* _What to work on_: Every record below must be copied exactly, with images dropped.

(Extracted records)
=== Section Start ===

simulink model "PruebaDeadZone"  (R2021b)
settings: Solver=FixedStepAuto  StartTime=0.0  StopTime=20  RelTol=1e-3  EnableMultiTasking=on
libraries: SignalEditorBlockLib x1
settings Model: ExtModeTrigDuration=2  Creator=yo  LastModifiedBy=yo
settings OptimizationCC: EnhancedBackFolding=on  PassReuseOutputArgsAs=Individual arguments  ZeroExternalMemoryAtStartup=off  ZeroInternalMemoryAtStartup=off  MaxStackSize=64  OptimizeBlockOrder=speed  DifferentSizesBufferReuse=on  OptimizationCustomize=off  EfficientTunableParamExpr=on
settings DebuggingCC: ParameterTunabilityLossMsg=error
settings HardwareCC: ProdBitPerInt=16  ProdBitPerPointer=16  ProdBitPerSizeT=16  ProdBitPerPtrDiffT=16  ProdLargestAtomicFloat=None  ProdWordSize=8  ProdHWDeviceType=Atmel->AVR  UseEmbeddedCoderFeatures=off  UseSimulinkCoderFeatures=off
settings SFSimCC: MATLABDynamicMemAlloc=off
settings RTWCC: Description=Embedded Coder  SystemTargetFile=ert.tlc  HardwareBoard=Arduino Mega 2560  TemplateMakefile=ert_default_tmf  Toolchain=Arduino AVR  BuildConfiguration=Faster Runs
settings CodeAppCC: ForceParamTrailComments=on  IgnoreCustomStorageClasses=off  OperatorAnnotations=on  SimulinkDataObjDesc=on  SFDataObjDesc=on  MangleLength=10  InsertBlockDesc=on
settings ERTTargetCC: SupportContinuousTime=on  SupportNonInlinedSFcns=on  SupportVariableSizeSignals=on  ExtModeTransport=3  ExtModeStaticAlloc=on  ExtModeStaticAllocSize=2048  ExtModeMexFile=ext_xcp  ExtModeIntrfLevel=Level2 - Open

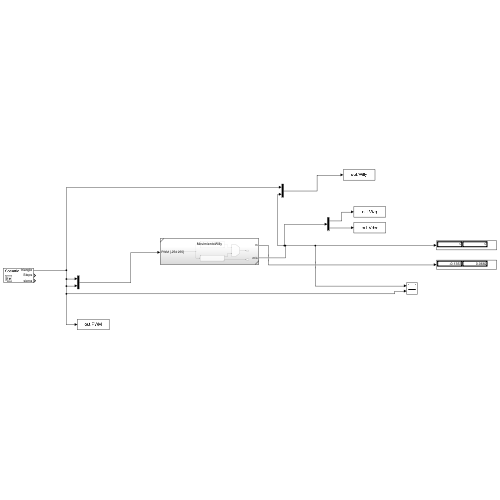
[thumbnail: Simulink's stored preview of the top-level diagram]
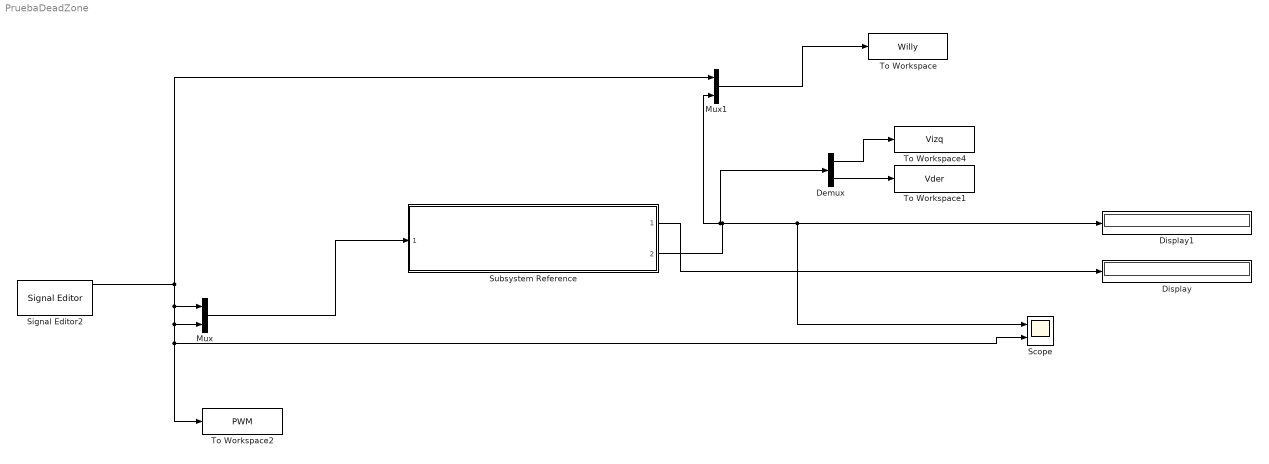
== system PruebaDeadZone ==
  Demux : Demux  Outputs=2
  Display : Display
  Display1 : Display
  Mux : Mux  Inputs=2
  Mux1 : Mux  Inputs=2
  Scope : Scope  NumInputPorts=2
  Signal Editor2 : SignalEditorBlockLib/Signal Editor  FileName=C:\Users\yo\Git\Willy_LabRob\ProjectoWilly\Senales de prueba\Signals.mat  ActiveScenario=Scenario  ActiveSignal=triangle  IsBus=off  OutputBusObjectStr=Bus: BusObject  SampleTime=0.01  ZeroCross=off  OutputAfterFinalValue=Setting to zero  Unit=inherit  PreserveSignalName=on
  Subsystem Reference : Subsystem  ReferencedSubsystem=MovimientoWilly
  To Workspace : ToWorkspace  VariableName=Willy  SampleTime=-1
      settings: Save2DSignal=2-D array (concatenate along first dimension)
  To Workspace1 : ToWorkspace  VariableName=Vder  SampleTime=-1
      settings: Save2DSignal=2-D array (concatenate along first dimension)
  To Workspace2 : ToWorkspace  VariableName=PWM  SampleTime=-1
      settings: Save2DSignal=2-D array (concatenate along first dimension)
  To Workspace4 : ToWorkspace  VariableName=Vizq  SampleTime=-1
      settings: Save2DSignal=2-D array (concatenate along first dimension)
  wires:
  Subsystem Reference/2 -> Demux/1, Mux1/2, Scope/1, Display1/1
  Mux/1 -> Subsystem Reference/1
  Signal Editor2/1 -> Scope/2, To Workspace2/1, Mux/2, Mux/1, Mux1/1
  Mux1/1 -> To Workspace/1
  Subsystem Reference/1 -> Display/1
  Demux/1 -> To Workspace4/1
  Demux/2 -> To Workspace1/1
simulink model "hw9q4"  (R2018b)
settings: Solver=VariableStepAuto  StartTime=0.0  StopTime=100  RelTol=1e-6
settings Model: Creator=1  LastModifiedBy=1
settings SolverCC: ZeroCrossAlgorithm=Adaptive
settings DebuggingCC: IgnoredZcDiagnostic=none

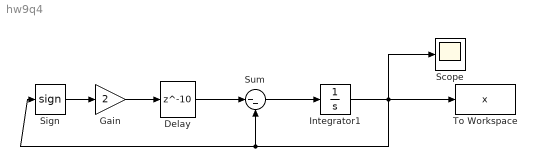
== system hw9q4 ==
  Delay : Delay  DelayLength=10  SampleTime=1
  Gain : Gain  Gain=2
  Integrator1 : Integrator  InitialCondition=10
  Scope : Scope
  Sign : Signum
  Sum : Sum  Inputs=|--
  To Workspace : ToWorkspace  VariableName=x  SaveFormat=Timeseries  SampleTime=-1
  wires:
  Sum/1 -> Integrator1/1
  Integrator1/1 -> Sign/1, Sum/2, To Workspace/1, Scope/1
  Sign/1 -> Gain/1
  Gain/1 -> Delay/1
  Delay/1 -> Sum/1

=== Section End ===

* _Written response_:
simulink model "PruebaDeadZone"  (R2021b)
settings: Solver=FixedStepAuto  StartTime=0.0  StopTime=20  RelTol=1e-3  EnableMultiTasking=on
libraries: SignalEditorBlockLib x1
settings Model: ExtModeTrigDuration=2  Creator=yo  LastModifiedBy=yo
settings OptimizationCC: EnhancedBackFolding=on  PassReuseOutputArgsAs=Individual arguments  ZeroExternalMemoryAtStartup=off  ZeroInternalMemoryAtStartup=off  MaxStackSize=64  OptimizeBlockOrder=speed  DifferentSizesBufferReuse=on  OptimizationCustomize=off  EfficientTunableParamExpr=on
settings DebuggingCC: ParameterTunabilityLossMsg=error
settings HardwareCC: ProdBitPerInt=16  ProdBitPerPointer=16  ProdBitPerSizeT=16  ProdBitPerPtrDiffT=16  ProdLargestAtomicFloat=None  ProdWordSize=8  ProdHWDeviceType=Atmel->AVR  UseEmbeddedCoderFeatures=off  UseSimulinkCoderFeatures=off
settings SFSimCC: MATLABDynamicMemAlloc=off
settings RTWCC: Description=Embedded Coder  SystemTargetFile=ert.tlc  HardwareBoard=Arduino Mega 2560  TemplateMakefile=ert_default_tmf  Toolchain=Arduino AVR  BuildConfiguration=Faster Runs
settings CodeAppCC: ForceParamTrailComments=on  IgnoreCustomStorageClasses=off  OperatorAnnotations=on  SimulinkDataObjDesc=on  SFDataObjDesc=on  MangleLength=10  InsertBlockDesc=on
settings ERTTargetCC: SupportContinuousTime=on  SupportNonInlinedSFcns=on  SupportVariableSizeSignals=on  ExtModeTransport=3  ExtModeStaticAlloc=on  ExtModeStaticAllocSize=2048  ExtModeMexFile=ext_xcp  ExtModeIntrfLevel=Level2 - Open

[thumbnail: Simulink's stored preview of the top-level diagram]
== system PruebaDeadZone ==
  Demux : Demux  Outputs=2
  Display : Display
  Display1 : Display
  Mux : Mux  Inputs=2
  Mux1 : Mux  Inputs=2
  Scope : Scope  NumInputPorts=2
  Signal Editor2 : SignalEditorBlockLib/Signal Editor  FileName=C:\Users\yo\Git\Willy_LabRob\ProjectoWilly\Senales de prueba\Signals.mat  ActiveScenario=Scenario  ActiveSignal=triangle  IsBus=off  OutputBusObjectStr=Bus: BusObject  SampleTime=0.01  ZeroCross=off  OutputAfterFinalValue=Setting to zero  Unit=inherit  PreserveSignalName=on
  Subsystem Reference : Subsystem  ReferencedSubsystem=MovimientoWilly
  To Workspace : ToWorkspace  VariableName=Willy  SampleTime=-1
      settings: Save2DSignal=2-D array (concatenate along first dimension)
  To Workspace1 : ToWorkspace  VariableName=Vder  SampleTime=-1
      settings: Save2DSignal=2-D array (concatenate along first dimension)
  To Workspace2 : ToWorkspace  VariableName=PWM  SampleTime=-1
      settings: Save2DSignal=2-D array (concatenate along first dimension)
  To Workspace4 : ToWorkspace  VariableName=Vizq  SampleTime=-1
      settings: Save2DSignal=2-D array (concatenate along first dimension)
  wires:
  Subsystem Reference/2 -> Demux/1, Mux1/2, Scope/1, Display1/1
  Mux/1 -> Subsystem Reference/1
  Signal Editor2/1 -> Scope/2, To Workspace2/1, Mux/2, Mux/1, Mux1/1
  Mux1/1 -> To Workspace/1
  Subsystem Reference/1 -> Display/1
  Demux/1 -> To Workspace4/1
  Demux/2 -> To Workspace1/1
simulink model "hw9q4"  (R2018b)
settings: Solver=VariableStepAuto  StartTime=0.0  StopTime=100  RelTol=1e-6
settings Model: Creator=1  LastModifiedBy=1
settings SolverCC: ZeroCrossAlgorithm=Adaptive
settings DebuggingCC: IgnoredZcDiagnostic=none

== system hw9q4 ==
  Delay : Delay  DelayLength=10  SampleTime=1
  Gain : Gain  Gain=2
  Integrator1 : Integrator  InitialCondition=10
  Scope : Scope
  Sign : Signum
  Sum : Sum  Inputs=|--
  To Workspace : ToWorkspace  VariableName=x  SaveFormat=Timeseries  SampleTime=-1
  wires:
  Sum/1 -> Integrator1/1
  Integrator1/1 -> Sign/1, Sum/2, To Workspace/1, Scope/1
  Sign/1 -> Gain/1
  Gain/1 -> Delay/1
  Delay/1 -> Sum/1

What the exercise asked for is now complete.